=== Begin Enclosure ===

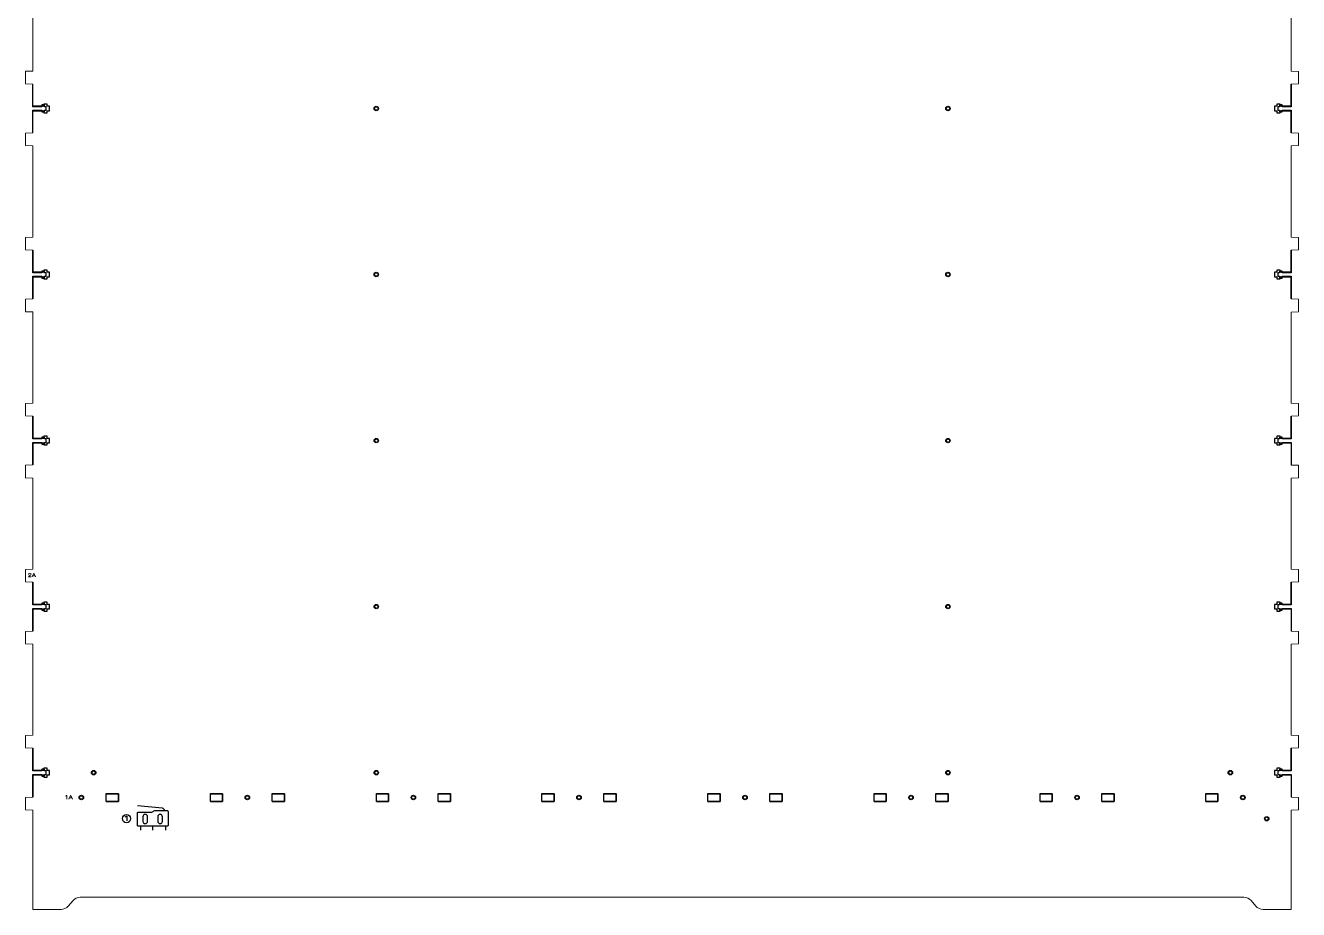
# Model space of a CAD drawing. Header units: millimetres. Extents: x 155 to 1469, y -147 to 996.
# Drawn here: x 155 to 978, y -147 to 425 of the extents above; entities that cross this region are included whole.
import ezdxf

# ---------------------------------------------------------------- set-up
doc = ezdxf.new("R2010")
doc.units = ezdxf.units.MM
for name, color, linetype, lineweight, true_color in [('Changed Parts', 3, 'Continuous', 25, 0x00ff00), ('New Back', 1, 'Continuous', 0, 0xff0000), ('New Back Text', 5, 'Continuous', 0, 0x0000ff), ('Origional Parts I have changed', 6, 'Continuous', 25, 0xff00ff)]:
    doc.layers.add(name, color=color, linetype=linetype, lineweight=lineweight, true_color=true_color)
doc.layers.add('CUTS', color=1, linetype='Continuous', true_color=0xff0000)
doc.layers.add('TEXT', color=5, linetype='Continuous', true_color=0x0000ff)

msp = doc.modelspace()

# ---------------------------------------------------------------- linework, layer by layer
at = {"layer": 'Changed Parts'}
for p, q in [((159.96, 372.3), (159.96, 386.66)), ((973.32, 372.3), (973.32, 386.64)), ((159.96, 355.09), (159.96, 369.43)), ((973.32, 355.07), (973.32, 369.43)), ((159.96, 279.32), (159.96, 264.96)), ((973.32, 264.96), (973.32, 279.3)), ((159.96, 262.09), (159.96, 247.75)), ((973.32, 247.73), (973.32, 262.09)), ((159.96, 171.98), (159.96, 157.62)), ((973.32, 157.62), (973.32, 171.96)), ((159.96, 154.75), (159.96, 140.41)), ((973.32, 154.75), (973.32, 140.39)), ((159.96, 64.64), (159.96, 50.28)), ((973.32, 50.28), (973.32, 64.62)), ((159.96, 47.41), (159.96, 33.07)), ((973.32, 47.41), (973.32, 33.05)), ((159.96, -42.7), (159.96, -57.06)), ((973.32, -57.06), (973.32, -42.72)), ((159.96, -59.93), (159.96, -74.27)), ((973.32, -59.93), (973.32, -74.29)), ((207.28, -77.15), (207.28, -71.95)), ((207.28, -71.95), (215.16, -71.95)), ((215.16, -77.15), (215.16, -71.95)), ((274.62, -77.15), (274.62, -71.95)), ((274.62, -71.95), (282.5, -71.95)), ((282.5, -77.15), (282.5, -71.95)), ((314.62, -77.15), (314.62, -71.95)), ((314.62, -71.95), (322.5, -71.95)), ((322.5, -77.15), (322.5, -71.95)), ((381.96, -77.15), (381.96, -71.95)), ((381.96, -71.95), (389.84, -71.95)), ((389.84, -77.15), (389.84, -71.95)), ((421.96, -77.15), (421.96, -71.95)), ((421.96, -71.95), (429.84, -71.95)), ((429.84, -77.15), (429.84, -71.95)), ((489.03, -77.15), (489.03, -71.95)), ((489.03, -71.95), (496.91, -71.95)), ((496.91, -77.15), (496.91, -71.95)), ((529.03, -77.15), (529.03, -71.95)), ((529.03, -71.95), (536.91, -71.95)), ((536.91, -77.15), (536.91, -71.95)), ((596.37, -77.15), (596.37, -71.95)), ((596.37, -71.95), (604.25, -71.95)), ((604.25, -77.15), (604.25, -71.95)), ((636.37, -77.15), (636.37, -71.95)), ((636.37, -71.95), (644.25, -71.95)), ((644.25, -77.15), (644.25, -71.95)), ((703.71, -77.15), (703.71, -71.95)), ((703.71, -71.95), (711.59, -71.95)), ((711.59, -77.15), (711.59, -71.95)), ((743.71, -77.15), (743.71, -71.95)), ((743.71, -71.95), (751.59, -71.95)), ((751.59, -77.15), (751.59, -71.95)), ((811.05, -77.15), (811.05, -71.95)), ((811.05, -71.95), (818.93, -71.95)), ((818.93, -77.15), (818.93, -71.95)), ((851.05, -77.15), (851.05, -71.95)), ((851.05, -71.95), (858.93, -71.95)), ((858.93, -77.15), (858.93, -71.95)), ((918.23, -77.15), (918.23, -71.95)), ((918.23, -71.95), (926.11, -71.95)), ((926.11, -77.15), (926.11, -71.95)), ((207.28, -77.15), (215.16, -77.15)), ((274.62, -77.15), (282.5, -77.15)), ((314.62, -77.15), (322.5, -77.15)), ((381.96, -77.15), (389.84, -77.15)), ((421.96, -77.15), (429.84, -77.15)), ((489.03, -77.15), (496.91, -77.15)), ((529.03, -77.15), (536.91, -77.15)), ((596.37, -77.15), (604.25, -77.15)), ((636.37, -77.15), (644.25, -77.15)), ((703.71, -77.15), (711.59, -77.15)), ((743.71, -77.15), (751.59, -77.15)), ((811.05, -77.15), (818.93, -77.15)), ((851.05, -77.15), (858.93, -77.15)), ((918.23, -77.15), (926.11, -77.15))]:
    msp.add_line(p, q, dxfattribs=at)
at = {"layer": 'Changed Parts', "color": 3, "true_color": 0x00ff00}
for p, q in [((166.98, 372.3), (159.96, 372.3)), ((169.18, 373.7), (166.98, 373.7)), ((166.98, 373.7), (166.98, 372.3)), ((169.18, 372.3), (169.18, 373.7)), ((170.62, 372.3), (169.18, 372.3)), ((170.62, 369.43), (170.62, 372.3)), ((964.1, 372.3), (962.66, 372.3)), ((962.66, 372.3), (962.66, 369.43)), ((966.3, 373.7), (964.1, 373.7)), ((964.1, 373.7), (964.1, 372.3)), ((966.3, 372.3), (966.3, 373.7)), ((973.32, 372.3), (966.3, 372.3)), ((159.96, 369.43), (166.98, 369.43)), ((166.98, 369.43), (166.98, 368.03)), ((166.98, 368.03), (169.18, 368.03)), ((169.18, 368.03), (169.18, 369.43)), ((169.18, 369.43), (170.62, 369.43)), ((962.66, 369.43), (964.1, 369.43)), ((964.1, 369.43), (964.1, 368.03)), ((964.1, 368.03), (966.3, 368.03)), ((966.3, 368.03), (966.3, 369.43)), ((966.3, 369.43), (973.32, 369.43)), ((166.98, 264.96), (159.96, 264.96)), ((169.18, 266.36), (166.98, 266.36)), ((166.98, 266.36), (166.98, 264.96)), ((169.18, 264.96), (169.18, 266.36)), ((170.62, 264.96), (169.18, 264.96)), ((170.62, 262.09), (170.62, 264.96)), ((964.1, 264.96), (962.66, 264.96)), ((962.66, 264.96), (962.66, 262.09)), ((966.3, 266.36), (964.1, 266.36)), ((964.1, 266.36), (964.1, 264.96)), ((966.3, 264.96), (966.3, 266.36)), ((973.32, 264.96), (966.3, 264.96)), ((159.96, 262.09), (166.98, 262.09)), ((166.98, 262.09), (166.98, 260.69)), ((166.98, 260.69), (169.18, 260.69)), ((169.18, 260.69), (169.18, 262.09)), ((169.18, 262.09), (170.62, 262.09)), ((962.66, 262.09), (964.1, 262.09)), ((964.1, 262.09), (964.1, 260.69)), ((964.1, 260.69), (966.3, 260.69)), ((966.3, 260.69), (966.3, 262.09)), ((966.3, 262.09), (973.32, 262.09)), ((166.98, 157.62), (159.96, 157.62)), ((169.18, 159.02), (166.98, 159.02)), ((166.98, 159.02), (166.98, 157.62)), ((169.18, 157.62), (169.18, 159.02)), ((170.62, 157.62), (169.18, 157.62)), ((170.62, 154.75), (170.62, 157.62)), ((964.1, 157.62), (962.66, 157.62)), ((962.66, 157.62), (962.66, 154.75)), ((964.1, 159.02), (964.1, 157.62)), ((966.3, 159.02), (964.1, 159.02)), ((966.3, 157.62), (966.3, 159.02)), ((973.32, 157.62), (966.3, 157.62)), ((159.96, 154.75), (166.98, 154.75)), ((166.98, 154.75), (166.98, 153.35)), ((166.98, 153.35), (169.18, 153.35)), ((169.18, 153.35), (169.18, 154.75)), ((169.18, 154.75), (170.62, 154.75)), ((962.66, 154.75), (964.1, 154.75)), ((964.1, 154.75), (964.1, 153.35)), ((964.1, 153.35), (966.3, 153.35)), ((966.3, 153.35), (966.3, 154.75)), ((966.3, 154.75), (973.32, 154.75)), ((166.98, 50.28), (159.96, 50.28)), ((169.18, 51.68), (166.98, 51.68)), ((166.98, 51.68), (166.98, 50.28)), ((169.18, 50.28), (169.18, 51.68)), ((170.62, 50.28), (169.18, 50.28)), ((170.62, 47.41), (170.62, 50.28)), ((964.1, 50.28), (962.66, 50.28)), ((962.66, 50.28), (962.66, 47.41)), ((966.3, 51.68), (964.1, 51.68)), ((964.1, 51.68), (964.1, 50.28)), ((966.3, 50.28), (966.3, 51.68)), ((973.32, 50.28), (966.3, 50.28)), ((159.96, 47.41), (166.98, 47.41)), ((166.98, 47.41), (166.98, 46.01)), ((166.98, 46.01), (169.18, 46.01)), ((169.18, 46.01), (169.18, 47.41)), ((169.18, 47.41), (170.62, 47.41)), ((962.66, 47.41), (964.1, 47.41)), ((964.1, 47.41), (964.1, 46.01)), ((964.1, 46.01), (966.3, 46.01)), ((966.3, 46.01), (966.3, 47.41)), ((966.3, 47.41), (973.32, 47.41)), ((166.98, -57.06), (159.96, -57.06)), ((169.18, -55.66), (166.98, -55.66)), ((166.98, -55.66), (166.98, -57.06)), ((169.18, -57.06), (169.18, -55.66)), ((170.62, -57.06), (169.18, -57.06)), ((170.62, -59.93), (170.62, -57.06)), ((964.1, -57.06), (962.66, -57.06)), ((962.66, -57.06), (962.66, -59.93)), ((966.3, -55.66), (964.1, -55.66)), ((964.1, -55.66), (964.1, -57.06)), ((966.3, -57.06), (966.3, -55.66)), ((973.32, -57.06), (966.3, -57.06)), ((159.96, -59.93), (166.98, -59.93)), ((166.98, -59.93), (166.98, -61.33)), ((166.98, -61.33), (169.18, -61.33)), ((169.18, -61.33), (169.18, -59.93)), ((169.18, -59.93), (170.62, -59.93)), ((962.66, -59.93), (964.1, -59.93)), ((964.1, -59.93), (964.1, -61.33)), ((964.1, -61.33), (966.3, -61.33)), ((966.3, -61.33), (966.3, -59.93)), ((966.3, -59.93), (973.32, -59.93))]:
    msp.add_line(p, q, dxfattribs=at)
for points in [[(380.49, 370.87), (380.49, 371.65), (381.13, 372.29), (381.91, 372.29)], [(381.91, 369.44), (381.13, 369.44), (380.49, 370.08), (380.49, 370.87)], [(381.91, 372.29), (382.7, 372.29), (383.34, 371.65), (383.34, 370.87)], [(383.34, 370.87), (383.34, 370.08), (382.7, 369.44), (381.91, 369.44)], [(750.1, 370.87), (750.1, 371.65), (750.74, 372.29), (751.53, 372.29)], [(751.53, 369.44), (750.74, 369.44), (750.1, 370.08), (750.1, 370.87)], [(751.53, 372.29), (752.31, 372.29), (752.95, 371.65), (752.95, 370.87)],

=== End Enclosure ===

Can the lines from the start of the records through the line with "color=1, linetype='Continuous', true_color=0xff0000)" be given again exactly, with the pictures left out?

- Result of the task:
# Model space of a CAD drawing. Header units: millimetres. Extents: x 155 to 1469, y -147 to 996.
# Drawn here: x 155 to 978, y -147 to 425 of the extents above; entities that cross this region are included whole.
import ezdxf

# ---------------------------------------------------------------- set-up
doc = ezdxf.new("R2010")
doc.units = ezdxf.units.MM
for name, color, linetype, lineweight, true_color in [('Changed Parts', 3, 'Continuous', 25, 0x00ff00), ('New Back', 1, 'Continuous', 0, 0xff0000), ('New Back Text', 5, 'Continuous', 0, 0x0000ff), ('Origional Parts I have changed', 6, 'Continuous', 25, 0xff00ff)]:
    doc.layers.add(name, color=color, linetype=linetype, lineweight=lineweight, true_color=true_color)
doc.layers.add('CUTS', color=1, linetype='Continuous', true_color=0xff0000)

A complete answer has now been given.